Try it: Find the string "dxfattribs" in the data, then copy every line where it is found.

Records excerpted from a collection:
• • • • • • •
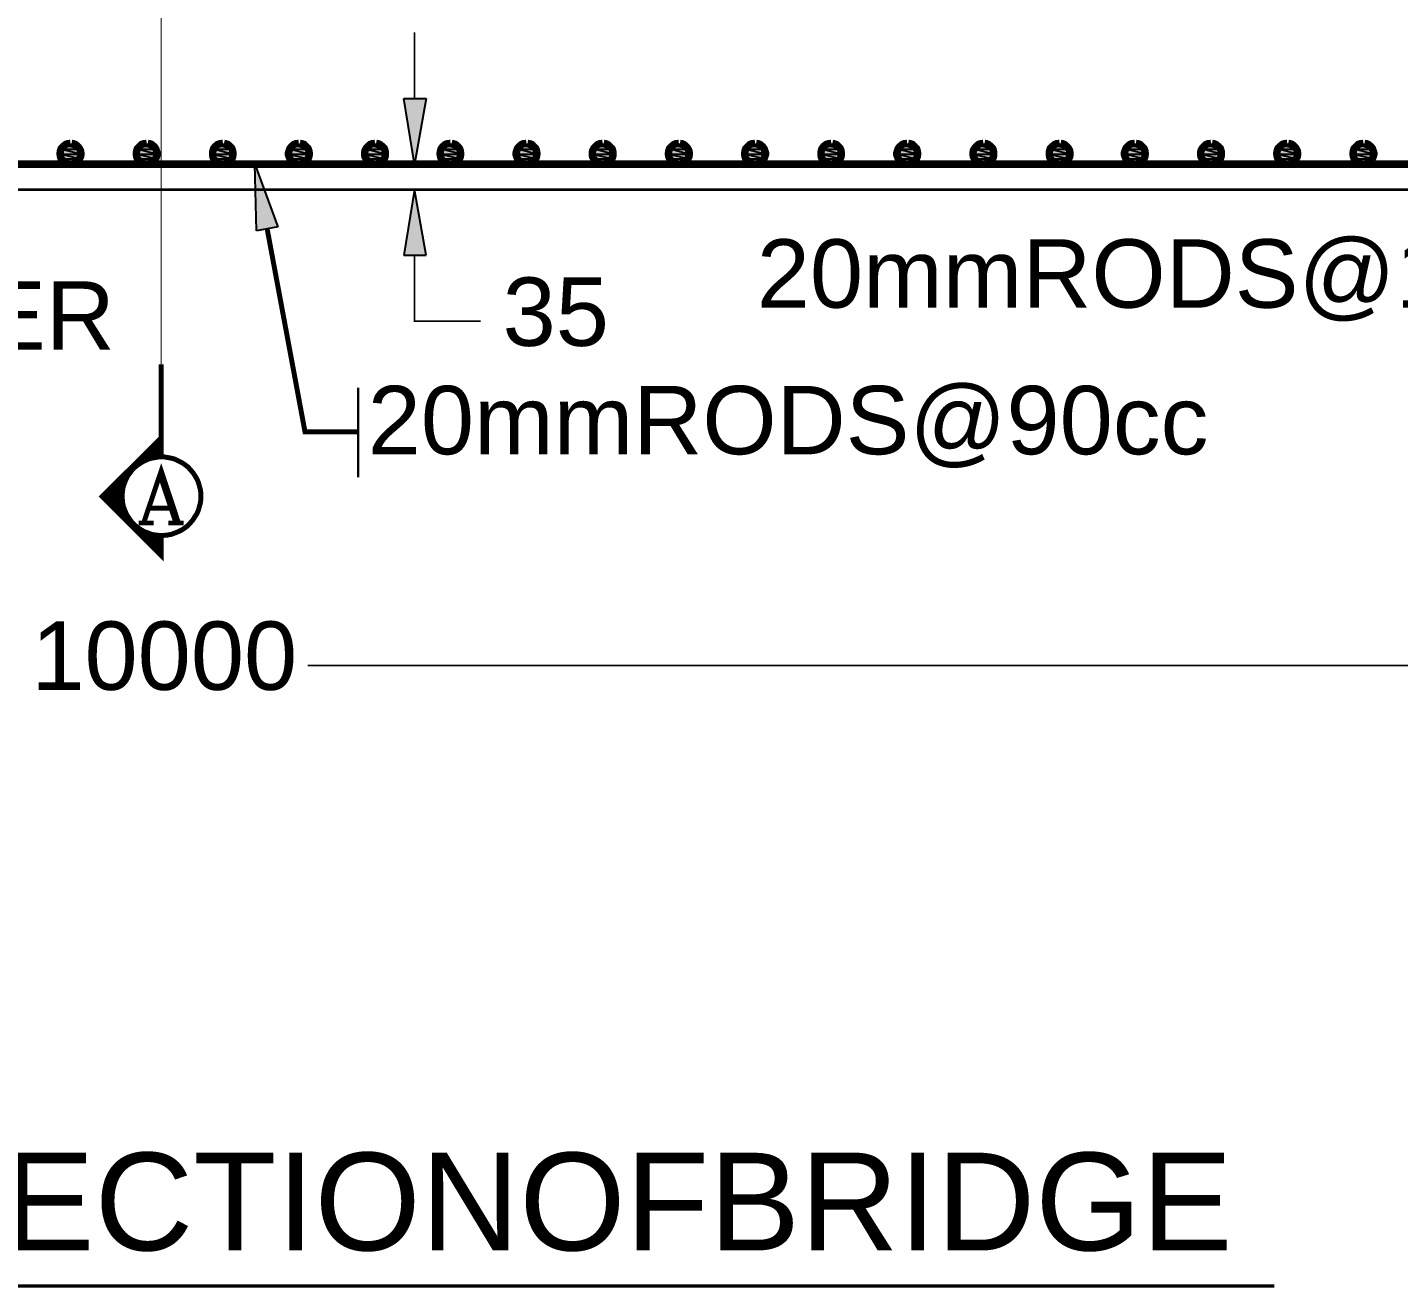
# Model space of a CAD drawing. Header units: millimetres. Extents: x 72 to 769, y 17 to 576.
# Drawn here: x 580.8 to 650.9, y 443.3 to 507.7 of the extents above; entities that cross this region are included whole.
import ezdxf

# ---------------------------------------------------------------- set-up
doc = ezdxf.new("R2010")
doc.units = ezdxf.units.MM
for name, color, linetype in [('H', 7, 'Continuous'), ('P', 7, 'Continuous'), ('T', 7, 'Continuous')]:
    doc.layers.add(name, color=color, linetype=linetype)

msp = doc.modelspace()

# ---------------------------------------------------------------- hatches: boundary and pattern name
at = {"layer": 'H', "linetype": 'Continuous'}
for points in [[(600.604, 500.75), (600.04, 504.084), (601.186, 504.084), (600.604, 500.75)], [(582.471, 501.262), (582.524, 501.509), (583.459, 501.509), (583.494, 501.262), (582.471, 501.262)], [(582.524, 501.509), (582.736, 501.721), (583.248, 501.721), (583.459, 501.509), (582.524, 501.509)], [(582.736, 501.721), (582.983, 501.756), (583.248, 501.721), (582.736, 501.721)], [(586.37, 501.262), (586.423, 501.509), (587.34, 501.509), (587.393, 501.262), (586.37, 501.262)], [(586.423, 501.509), (586.634, 501.721), (587.128, 501.721), (587.34, 501.509), (586.423, 501.509)], [(586.634, 501.721), (586.881, 501.756), (587.128, 501.721), (586.634, 501.721)], [(590.268, 501.262), (590.303, 501.509), (591.203, 501.509), (591.291, 501.262), (590.268, 501.262)], [(590.303, 501.509), (590.515, 501.721), (591.026, 501.721), (591.203, 501.509), (590.303, 501.509)], [(590.515, 501.721), (590.779, 501.756), (591.026, 501.721), (590.515, 501.721)], [(594.113, 501.262), (594.201, 501.509), (595.101, 501.509), (595.171, 501.262), (594.113, 501.262)], [(594.201, 501.509), (594.413, 501.721), (594.924, 501.721), (595.101, 501.509), (594.201, 501.509)], [(594.413, 501.721), (594.678, 501.756), (594.924, 501.721), (594.413, 501.721)], [(598.011, 501.262), (598.099, 501.509), (598.981, 501.509), (599.07, 501.262), (598.011, 501.262)], [(598.099, 501.509), (598.276, 501.721), (598.823, 501.721), (598.981, 501.509), (598.099, 501.509)], [(598.276, 501.721), (598.558, 501.756), (598.823, 501.721), (598.276, 501.721)], [(601.909, 501.262), (601.998, 501.509), (602.88, 501.509), (602.968, 501.262), (601.909, 501.262)], [(601.998, 501.509), (602.156, 501.721), (602.721, 501.721), (602.88, 501.509), (601.998, 501.509)], [(602.156, 501.721), (602.421, 501.756), (602.721, 501.721), (602.156, 501.721)], [(605.808, 501.262), (605.896, 501.509), (606.778, 501.509), (606.866, 501.262), (605.808, 501.262)], [(605.896, 501.509), (606.055, 501.721), (606.566, 501.721), (606.778, 501.509), (605.896, 501.509)], [(606.055, 501.721), (606.319, 501.756), (606.566, 501.721), (606.055, 501.721)], [(609.706, 501.262), (609.776, 501.509), (610.676, 501.509), (610.764, 501.262), (609.706, 501.262)], [(609.776, 501.509), (609.953, 501.721), (610.464, 501.721), (610.676, 501.509), (609.776, 501.509)], [(609.953, 501.721), (610.2, 501.756), (610.464, 501.721), (609.953, 501.721)], [(613.586, 501.262), (613.675, 501.509), (614.574, 501.509), (614.609, 501.262), (613.586, 501.262)], [(613.675, 501.509), (613.851, 501.721), (614.363, 501.721), (614.574, 501.509), (613.675, 501.509)], [(613.851, 501.721), (614.098, 501.756), (614.363, 501.721), (613.851, 501.721)], [(617.485, 501.262), (617.538, 501.509), (618.455, 501.509), (618.508, 501.262), (617.485, 501.262)], [(617.538, 501.509), (617.749, 501.721), (618.243, 501.721), (618.455, 501.509), (617.538, 501.509)], [(617.749, 501.721), (617.996, 501.756), (618.243, 501.721), (617.749, 501.721)], [(621.383, 501.262), (621.418, 501.509), (622.353, 501.509), (622.406, 501.262), (621.383, 501.262)], [(621.418, 501.509), (621.63, 501.721), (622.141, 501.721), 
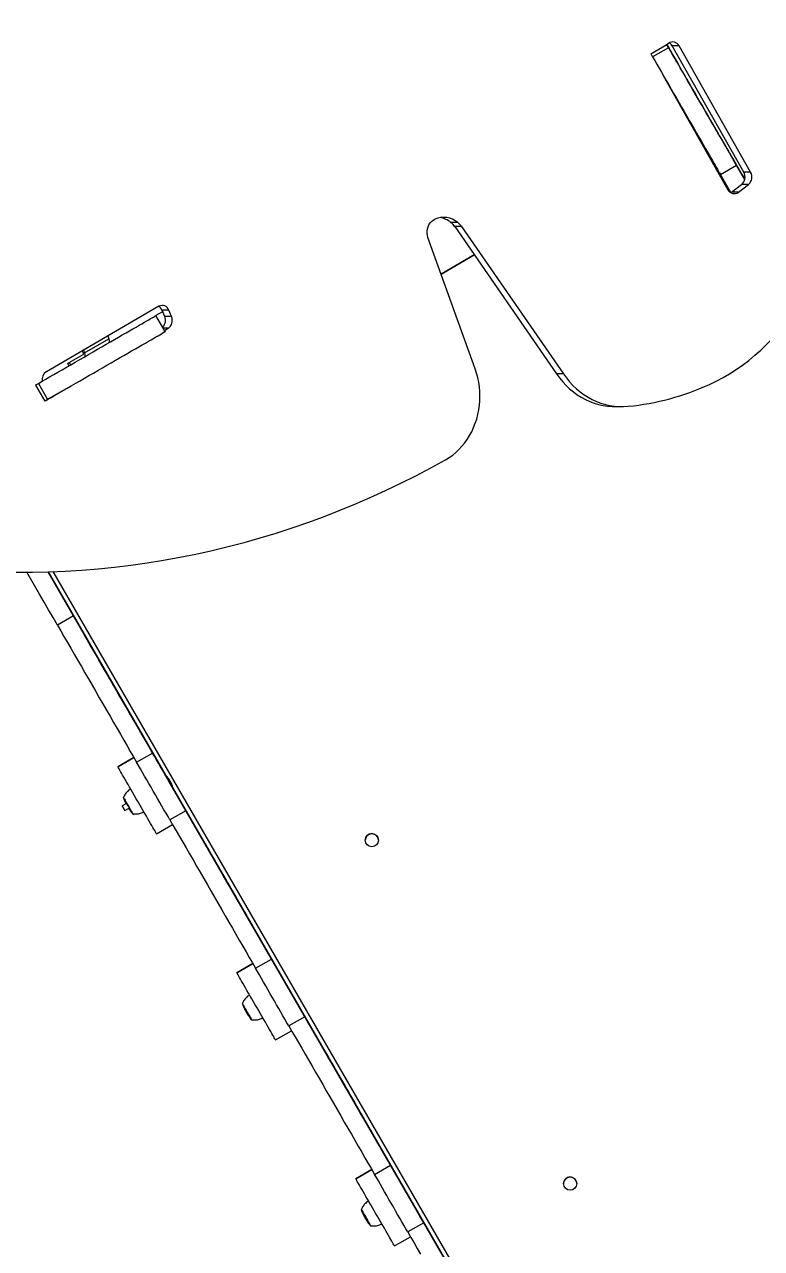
# Model space of a CAD drawing. Header units: millimetres. Extents: x -6879 to 7341, y -8047 to 7187.
# Drawn here: x 2442 to 3278, y -2707 to -1318 of the extents above; entities that cross this region are included whole.
import ezdxf

# ---------------------------------------------------------------- set-up
doc = ezdxf.new("R2010")
doc.units = ezdxf.units.MM
for name, color, linetype in [('DIKOM_ОБЪЕКТ', 7, 'Continuous'), ('DIKOM_РАЗМЕР_ЗОНА', 7, 'Continuous'), ('DIKOM_РАЗМЕР_ОБЪЕКТА', 7, 'Continuous')]:
    doc.layers.add(name, color=color, linetype=linetype)
doc.styles.add('style1', font='arial.ttf', dxfattribs={"width": 0.8})
doc.dimstyles.new('1-50', dxfattribs={"dimtxt": 300, "dimasz": 200, "dimexe": 100, "dimexo": 0, "dimgap": 100, "dimtad": 0, "dimdec": 0, "dimtxsty": 'style1', "dimcen": 0, "dimclrd": 7, "dimclre": 7, "dimadec": 1, "dimazin": 2, "dimtfac": 1, "dimtdec": 0, "dimtmove": 1, "dimatfit": 3, "dimfxl": 0, "dimlwd": 25, "dimlwe": 18, "dimarcsym": 0})

# ---------------------------------------------------------------- blocks, each defined once
blk = doc.blocks.new('A$C027840CE')
at = {"color": 7, "linetype": 'Continuous', "lineweight": 15}
for p, q in [((-1128.7, 616.4), (-1119.5, 632.3)), ((-1100.7, 622.8), (-1118.9, 633.3)), ((-1098.8, 626.1), (-1117, 636.6)), ((-1175.2, 478.7), (-1101.9, 606.8)), ((-1119.1, 585), (-1128.4, 568.9)), ((-1118.1, 586.7), (-1120.7, 588.2)), ((-1128.9, 566.6), (-1144.8, 539)), ((-1126.1, 564.5), (-1128.9, 566.6)), ((-1127.5, 567.4), (-1125.4, 565.8)), ((-1142, 536.8), (-1144.8, 539)), ((-1194.6, 499.2), (-1197, 495)), ((-1195.9, 500), (-1177.7, 489.5)), ((-1182.1, 481.8), (-1177.7, 489.5)), ((-1193.6, 481.5), (-1186.9, 485.4)), ((-1193.6, 481.5), (-1187.4, 476.8)), ((-1187.4, 476.8), (-1180.7, 480.7)), ((-1186.9, 485.4), (-1180.7, 480.7)), ((-1521.8, 360.6), (-1400.9, 258.4)), ((-1680.8, 318.3), (-1687.5, 314.4)), ((-1611.3, 315.5), (-1604.6, 319.4)), ((-1427.7, 228.5), (-1611.3, 315.5)), ((-1421, 232.4), (-1604.6, 319.4)), ((-1456.2, 249.1), (-1434.5, 286.8)), ((-1456.2, 249.1), (-1434.5, 286.8)), ((-1434.5, 286.8), (-1456.2, 249.1)), ((-1427.7, 228.5), (-1421, 232.4)), ((-1421.6, 226.6), (-1414.8, 230.5)), ((-1673.1, 42.4), (-1673.6, 41.5)), ((-1673.2, 42.3), (-1652.5, 30.4)), ((-1680.3, 37.6), (-1685.8, 24.3)), ((-1685.8, 24.3), (-1679, 28.2)), ((-1680.3, 37.6), (-1673.6, 41.5)), ((-1673.6, 41.5), (-1679, 28.2)), ((-1540.1, -34.5), (-1668.6, 41.1)), ((-1652.5, 30.4), (-1663, 12.2)), ((-1680.9, 11.1), (-1674.2, 14.9)), ((-1679.3, 21.6), (-1658.5, 9.6)), ((-1674.2, 14.9), (-1532.1, -68.7)), ((-1680.9, 11.1), (-1538.9, -72.5)), ((-1659.4, 10.1), (-1656, 8.1)), ((-1599.8, 0.6), (-1600.1, 0.1)), ((-1600.1, 0.1), (-1600.1, 0.1)), ((-1599.7, 0.6), (-1600, 0.1)), ((-1632.2, -5.6), (-1632.2, -5.6)), ((-1554, -26.5), (-1553.9, -26.4)), ((-1546, -55.3), (-1530.7, -64.2)), ((-1529.7, -64.8), (-1519.2, -46.6)), ((-1526.4, -66.7), (-1515.9, -48.5)), ((-1538.9, -72.5), (-1532.1, -68.7)), ((-1527.2, -69.1), (-1525.8, -65.7))]:
    blk.add_line(p, q, dxfattribs=at)
at = {"color": 8, "linetype": 'Continuous', "lineweight": 15}
for p, q in [((-1119.1, 585), (-1121.7, 586.5)), ((-1197, 495), (-1192.2, 497.8)), ((-1658.5, 9.6), (-1658.5, 9.6)), ((-1554.7, -26.1), (-1554.6, -26)), ((-1548.5, -53.9), (-1548.5, -53.9))]:
    blk.add_line(p, q, dxfattribs=at)
at = {"color": 7, "linetype": 'Continuous', "lineweight": 15, "flags": 128}
for points in [[(-1185.8, 821.1), (-1202, 811.7), (-1217.9, 802), (-1233.7, 792), (-1249.3, 781.7), (-1264.6, 771.1), (-1279.8, 760.2), (-1294.8, 748.9), (-1309.5, 737.4), (-1324, 725.6), (-1338.4, 713.5), (-1352.4, 701.1), (-1366.3, 688.4), (-1379.9, 675.5), (-1393.3, 662.2), (-1406.5, 648.7), (-1419.4, 634.9), (-1432.1, 620.9), (-1444.5, 606.6), (-1456.6, 592), (-1468.5, 577.2), (-1480.2, 562.1), (-1491.5, 546.8), (-1502.6, 531.2), (-1513.5, 515.4), (-1524, 499.4), (-1534.3, 483.2), (-1544.3, 466.7)], [(-1118.9, 633.3), (-1121.3, 629.2), (-1123.7, 625), (-1126.3, 620.5), (-1128.9, 616), (-1131.7, 611.2), (-1134.4, 606.4), (-1137.3, 601.5), (-1140.1, 596.5), (-1143, 591.5), (-1146, 586.4), (-1148.9, 581.4), (-1151.8, 576.3), (-1154.8, 571.2), (-1157.7, 566.2), (-1160.5, 561.2), (-1163.3, 556.4), (-1166.1, 551.6), (-1168.8, 546.9), (-1171.4, 542.4), (-1173.9, 538), (-1176.4, 533.8), (-1178.7, 529.8), (-1180.9, 526), (-1183, 522.4), (-1184.9, 519), (-1186.7, 515.9), (-1188.4, 513), (-1189.9, 510.4), (-1191.2, 508), (-1192.4, 506), (-1193.4, 504.2), (-1194.3, 502.8), (-1195, 501.6), (-1195.5, 500.7), (-1195.8, 500.2), (-1195.9, 500), (-1195.9, 500.1), (-1195.6, 500.5), (-1195.2, 501.2), (-1194.6, 502.2), (-1193.8, 503.5)], [(-1119.5, 632.3), (-1118.7, 633.6), (-1118.1, 634.8), (-1117.6, 635.7), (-1117.2, 636.3), (-1117, 636.6), (-1117.1, 636.5), (-1117.3, 636.2), (-1117.7, 635.5), (-1118.2, 634.5), (-1118.9, 633.3)], [(-1098.8, 626.1), (-1098.9, 626), (-1099.1, 625.7), (-1099.5, 625), (-1100, 624), (-1100.7, 622.8)], [(-1100.7, 622.8), (-1103.1, 618.7), (-1105.6, 614.5), (-1108.1, 610), (-1110.8, 605.5), (-1113.5, 600.7), (-1116.2, 595.9), (-1119.1, 591), (-1122, 586), (-1124.9, 581), (-1127.8, 575.9), (-1130.7, 570.9), (-1133.7, 565.8), (-1136.6, 560.7), (-1139.5, 555.7), (-1142.3, 550.7), (-1145.2, 545.9), (-1147.9, 541.1), (-1150.6, 536.4), (-1153.2, 531.9), (-1155.7, 527.5), (-1158.2, 523.3), (-1160.5, 519.3), (-1162.7, 515.5), (-1164.8, 511.9), (-1166.7, 508.5), (-1168.5, 505.4), (-1170.2, 502.5), (-1171.7, 499.9), (-1173.1, 497.5), (-1174.2, 495.5), (-1175.3, 493.7), (-1176.1, 492.3), (-1176.8, 491.1), (-1177.3, 490.2), (-1177.6, 489.7), (-1177.7, 489.5), (-1177.7, 489.5)], [(-1128.7, 616.4), (-1129.4, 615.2), (-1129.9, 614.3), (-1130.3, 613.5), (-1130.6, 613.1), (-1130.7, 612.9), (-1130.7, 612.9)], [(-1118.1, 586.7), (-1118.1, 586.7), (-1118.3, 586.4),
• • • • • • •
Result for this exercise:
doc.styles.add('style1', font='arial.ttf', dxfattribs={"width": 0.8})
doc.dimstyles.new('1-50', dxfattribs={"dimtxt": 300, "dimasz": 200, "dimexe": 100, "dimexo": 0, "dimgap": 100, "dimtad": 0, "dimdec": 0, "dimtxsty": 'style1', "dimcen": 0, "dimclrd": 7, "dimclre": 7, "dimadec": 1, "dimazin": 2, "dimtfac": 1, "dimtdec": 0, "dimtmove": 1, "dimatfit": 3, "dimfxl": 0, "dimlwd": 25, "dimlwe": 18, "dimarcsym": 0})
    blk.add_line(p, q, dxfattribs=at)
    blk.add_line(p, q, dxfattribs=at)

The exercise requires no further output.